Pancreatitis or inflammation of the pancreas comes in both acute and chronic forms and has long been appreciated as a risk factor for developing pancreatic cancer. While common and in most cases mild, severe acute pancreatitis can be fatal due to severe inflammation causing local damage that can have serious systemic consequences. The ability to predict which patients who initially present with acute pancreatitis will develop severe disease is currently limited. With the adoption of AI, new models may help to more accurately predict patients who will develop severe and life-threatening disease, and in the future may be able to help predict those that may develop pancreatic cancer.
Peter Hegyi, MD, PhD and Tamas Gonda, MD, were awarded a collaborative Hirshberg Foundation Seed Grant in 2023 to evaluate the use of AI and machine learning to predict which patients will develop severe acute pancreatitis and to predict those who may develop pancreatic cancer. Dr. Hegyi, Professor and Director of the Institute for Pancreatic Diseases at Semmelweis University in Budapest, Hungary, and Dr.Tamas Gonda, Associate Professor of Medicine in Gastroenterology at New York University Grossman School of Medicine, sought build a database of well characterized acute pancreatitis patients across NYU and Semmelweis University to develop a model to predict acute pancreatitis severity. They also set out to build a multi-institutional coalition to identify cases and imaging where pancreatic cancer was diagnosed with 2 years of acute pancreatitis to then extend this deep learning model to predict which acute pancreatitis patients may later develop pancreatic cancer.
The team developed and validated a deep learning model that predicts acute pancreatitis severity using contrast-enhanced CT scans. Their model was trained on over 10,000 CT studies and then fine-tuned on over 500 additional cases where severity outcome was known. In both internal and external data sets, the new deep-learning model outperformed established prediction tools.
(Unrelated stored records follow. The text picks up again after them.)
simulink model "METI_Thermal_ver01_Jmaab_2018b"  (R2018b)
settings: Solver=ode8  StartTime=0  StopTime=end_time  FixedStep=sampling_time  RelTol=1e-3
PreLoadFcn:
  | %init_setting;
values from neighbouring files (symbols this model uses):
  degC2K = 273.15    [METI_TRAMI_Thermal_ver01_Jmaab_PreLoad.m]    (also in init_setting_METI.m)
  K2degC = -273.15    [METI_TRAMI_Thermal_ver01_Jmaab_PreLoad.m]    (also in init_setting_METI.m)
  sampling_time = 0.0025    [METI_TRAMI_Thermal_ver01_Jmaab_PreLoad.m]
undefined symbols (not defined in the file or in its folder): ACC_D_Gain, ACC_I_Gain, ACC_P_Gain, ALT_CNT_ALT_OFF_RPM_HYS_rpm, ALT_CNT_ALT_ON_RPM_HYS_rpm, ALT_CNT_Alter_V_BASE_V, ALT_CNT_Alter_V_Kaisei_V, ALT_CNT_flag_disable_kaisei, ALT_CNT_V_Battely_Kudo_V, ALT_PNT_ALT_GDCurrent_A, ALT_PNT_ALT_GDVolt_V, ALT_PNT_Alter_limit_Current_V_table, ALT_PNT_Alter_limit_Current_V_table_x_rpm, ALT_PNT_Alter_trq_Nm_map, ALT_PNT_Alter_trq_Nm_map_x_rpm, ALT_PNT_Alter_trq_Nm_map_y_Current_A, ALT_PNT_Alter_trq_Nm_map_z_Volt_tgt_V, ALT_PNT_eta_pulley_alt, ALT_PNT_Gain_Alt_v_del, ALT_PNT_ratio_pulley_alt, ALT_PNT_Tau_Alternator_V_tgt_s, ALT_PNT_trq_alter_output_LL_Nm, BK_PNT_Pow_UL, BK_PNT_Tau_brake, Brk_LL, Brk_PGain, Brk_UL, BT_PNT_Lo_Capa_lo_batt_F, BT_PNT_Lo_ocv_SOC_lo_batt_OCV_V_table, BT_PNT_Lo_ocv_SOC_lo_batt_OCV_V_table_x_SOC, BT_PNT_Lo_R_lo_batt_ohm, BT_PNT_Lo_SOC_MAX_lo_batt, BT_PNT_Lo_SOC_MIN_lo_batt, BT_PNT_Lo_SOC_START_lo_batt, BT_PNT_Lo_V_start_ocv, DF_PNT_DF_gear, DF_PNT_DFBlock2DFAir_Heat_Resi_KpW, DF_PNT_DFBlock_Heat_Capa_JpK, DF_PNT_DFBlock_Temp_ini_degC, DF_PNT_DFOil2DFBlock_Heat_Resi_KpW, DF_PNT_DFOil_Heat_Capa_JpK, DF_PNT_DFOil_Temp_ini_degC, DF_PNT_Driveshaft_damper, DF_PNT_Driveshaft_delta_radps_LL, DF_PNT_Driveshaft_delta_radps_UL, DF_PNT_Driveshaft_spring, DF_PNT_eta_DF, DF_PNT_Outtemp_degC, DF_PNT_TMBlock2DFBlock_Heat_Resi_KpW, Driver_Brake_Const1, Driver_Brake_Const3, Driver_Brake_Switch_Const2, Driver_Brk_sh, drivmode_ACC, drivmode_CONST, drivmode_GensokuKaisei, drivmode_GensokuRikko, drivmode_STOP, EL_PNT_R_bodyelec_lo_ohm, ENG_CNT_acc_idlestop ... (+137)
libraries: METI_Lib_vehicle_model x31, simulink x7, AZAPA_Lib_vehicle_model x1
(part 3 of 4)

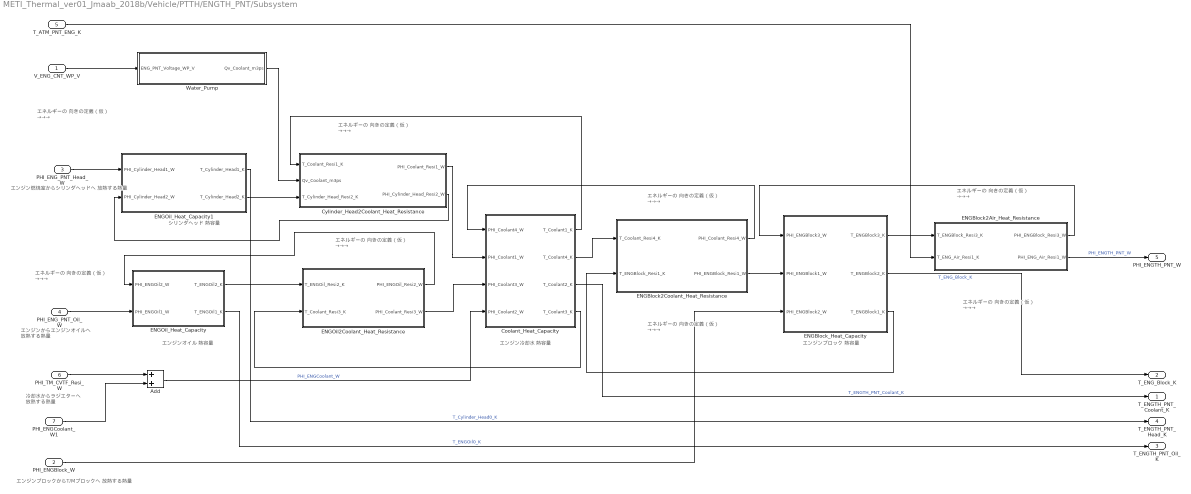
== system METI_Thermal_ver01_Jmaab_2018b/Vehicle/PTTH/ENGTH_PNT/Subsystem ==
  note: エンジンオイル
      | 熱容量
  note: エンジン冷却水
      | 熱容量
  note: エンジンブロック
      | 熱容量
  note: 冷却水からラジエターへ
      | 放熱する熱量
  note: エネルギーの
      | 向きの定義（仮）
      | →→→
  note: エンジン燃焼室からシリンダヘッドへ
      | 放熱する熱量
  note: エンジンからエンジンオイルへ
      | 放熱する熱量
  note: エネルギーの
      | 向きの定義（仮）
      | →→→
  note: エネルギーの
      | 向きの定義（仮）
      | →→→
  note: エネルギーの
      | 向きの定義（仮）
      | →→→
  note: エネルギーの
      | 向きの定義（仮）
      | →→→
  note: エネルギーの
      | 向きの定義（仮）
      | →→→
  note: エネルギーの
      | 向きの定義（仮）
      | →→→
  note: エンジンブロックからT/Mブロックへ
      | 放熱する熱量
  note: シリンダヘッド
      | 熱容量
  note: エネルギーの
      | 向きの定義（仮）
      | →→→
  V_ENG_CNT_WP_V : Inport
  PHI_ENGBlock_W : Inport  Port=2
  PHI_ENG_PNT_Head_W : Inport  Port=3
  PHI_ENG_PNT_Oil_W : Inport  Port=4
  T_ATM_PNT_ENG_K : Inport  Port=5
  PHI_TM_CVTF_Resi_W : Inport  Port=6
  PHI_ENGCoolant_W1 : Inport  Port=7
  Add : Sum
  Coolant_Heat_Capacity : Subsystem
  Cylinder_Head2Coolant_Heat_Resistance : Subsystem
  ENGBlock2Air_Heat_Resistance : Subsystem
  ENGBlock2Coolant_Heat_Resistance : Subsystem
  ENGBlock_Heat_Capacity : Subsystem
  ENGOil2Coolant_Heat_Resistance : Subsystem
  ENGOil_Heat_Capacity : Subsystem
  ENGOil_Heat_Capacity1 : Subsystem
  Water_Pump : Subsystem
  T_ENGTH_PNT_Coolant_K : Outport
  T_ENG_Block_K : Outport  Port=2
  T_ENGTH_PNT_Oil_K : Outport  Port=3
  T_ENGTH_PNT_Head_K : Outport  Port=4
  PHI_ENGTH_PNT_W : Outport  Port=5
  wires:
  PHI_TM_CVTF_Resi_W/1 -> Add/1
  Add/1 -> Coolant_Heat_Capacity/4(PHI_Coolant2_W)  "PHI_ENGCoolant_W"
  ENGOil_Heat_Capacity/1(T_ENGOil2_K) -> ENGOil2Coolant_Heat_Resistance/1(T_ENGOil_Resi2_K)
  ENGOil2Coolant_Heat_Resistance/2(PHI_Coolant_Resi3_W) -> Coolant_Heat_Capacity/3(PHI_Coolant3_W)
  PHI_ENGCoolant_W1/1 -> Add/2
  PHI_ENG_PNT_Head_W/1 -> ENGOil_Heat_Capacity1/1(PHI_Cylinder_Head1_W)
  ENGBlock_Heat_Capacity/3(T_ENGBlock1_K) -> ENGBlock2Coolant_Heat_Resistance/2(T_ENGBlock_Resi1_K)
  ENGBlock_Heat_Capacity/1(T_ENGBlock3_K) -> ENGBlock2Air_Heat_Resistance/1(T_ENGBlock_Resi3_K)
  ENGOil_Heat_Capacity1/1(T_Cylinder_Head1_K) -> T_ENGTH_PNT_Head_K/1  "T_Cylinder_Head0_K"
  Cylinder_Head2Coolant_Heat_Resistance/1(PHI_Coolant_Resi1_W) -> Coolant_Heat_Capacity/2(PHI_Coolant1_W)
  Cylinder_Head2Coolant_Heat_Resistance/2(PHI_Cylinder_Head_Resi2_W) -> ENGOil_Heat_Capacity1/2(PHI_Cylinder_Head2_W)
  Water_Pump/1(Qv_Coolant_m3ps) -> Cylinder_Head2Coolant_Heat_Resistance/2(Qv_Coolant_m3ps)
  ENGBlock_Heat_Capacity/2(T_ENGBlock2_K) -> T_ENG_Block_K/1  "T_ENG_Block_K"
  PHI_ENGBlock_W/1 -> ENGBlock_Heat_Capacity/3(PHI_ENGBlock2_W)
  V_ENG_CNT_WP_V/1 -> Water_Pump/1(ENG_PNT_Voltage_WP_V)
  ENGOil_Heat_Capacity1/2(T_Cylinder_Head2_K) -> Cylinder_Head2Coolant_Heat_Resistance/3(T_Cylinder_Head_Resi2_K)
  ENGBlock2Coolant_Heat_Resistance/1(PHI_Coolant_Resi4_W) -> Coolant_Heat_Capacity/1(PHI_Coolant4_W)
  Coolant_Heat_Capacity/4(T_Coolant3_K) -> ENGOil2Coolant_Heat_Resistance/2(T_Coolant_Resi3_K)
  ENGBlock2Air_Heat_Resistance/1(PHI_ENGBlock_Resi3_W) -> ENGBlock_Heat_Capacity/1(PHI_ENGBlock3_W)
  ENGOil2Coolant_Heat_Resistance/1(PHI_ENGOil_Resi2_W) -> ENGOil_Heat_Capacity/1(PHI_ENGOil2_W)
  Coolant_Heat_Capacity/2(T_Coolant4_K) -> ENGBlock2Coolant_Heat_Resistance/1(T_Coolant_Resi4_K)
  T_ATM_PNT_ENG_K/1 -> ENGBlock2Air_Heat_Resistance/2(T_ENG_Air_Resi1_K)
  ENGBlock2Coolant_Heat_Resistance/2(PHI_ENGBlock_Resi1_W) -> ENGBlock_Heat_Capacity/2(PHI_ENGBlock1_W)
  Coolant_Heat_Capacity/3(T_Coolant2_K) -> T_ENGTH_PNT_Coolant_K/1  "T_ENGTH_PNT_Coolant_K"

The model was then used to analyze a cohort of images from patients with known outcomes (also called a retrospective analysis) and it was able to identify 73% of patients that went on to develop severe acute pancreatitis. These results support the continued validation of early, automated risk triage for acute pancreatitis. A recent paper, Deep learning-based prediction of acute pancreatitis severity from abnormal CT with multicenter external validation, was published in the May 2026 journal Radiology Advances.
Current and future research will focus the new machine learning algorithms on images from patients with acute pancreatitis who later develop pancreatic cancer. This will train the programs to identify image-based changes in the hopes of generating a predictive model to stratify these patients’ cancer risk at the time of acute pancreatitis onset. The ability to use image-based biomarkers for this high-risk population will lead to earlier pancreatic cancer diagnoses and better treatment options.
Early detection remains one of the greatest opportunities to change outcomes for pancreatic cancer patients. The Hirshberg Foundation is committed to funding bold and innovative research that makes early detection possible. Better diagnostic approaches offer the greatest opportunity for successful treatment and improved survival, yet too many patients are still diagnosed at advanced stages. AI-driven imaging represents one of many promising approaches with the potential to change how pancreatic cancer is found and treated. Continued funding is critical to move these discoveries from the laboratory into real-world clinical care. The power to detect pancreatic cancer sooner helps expand treatment options and save lives.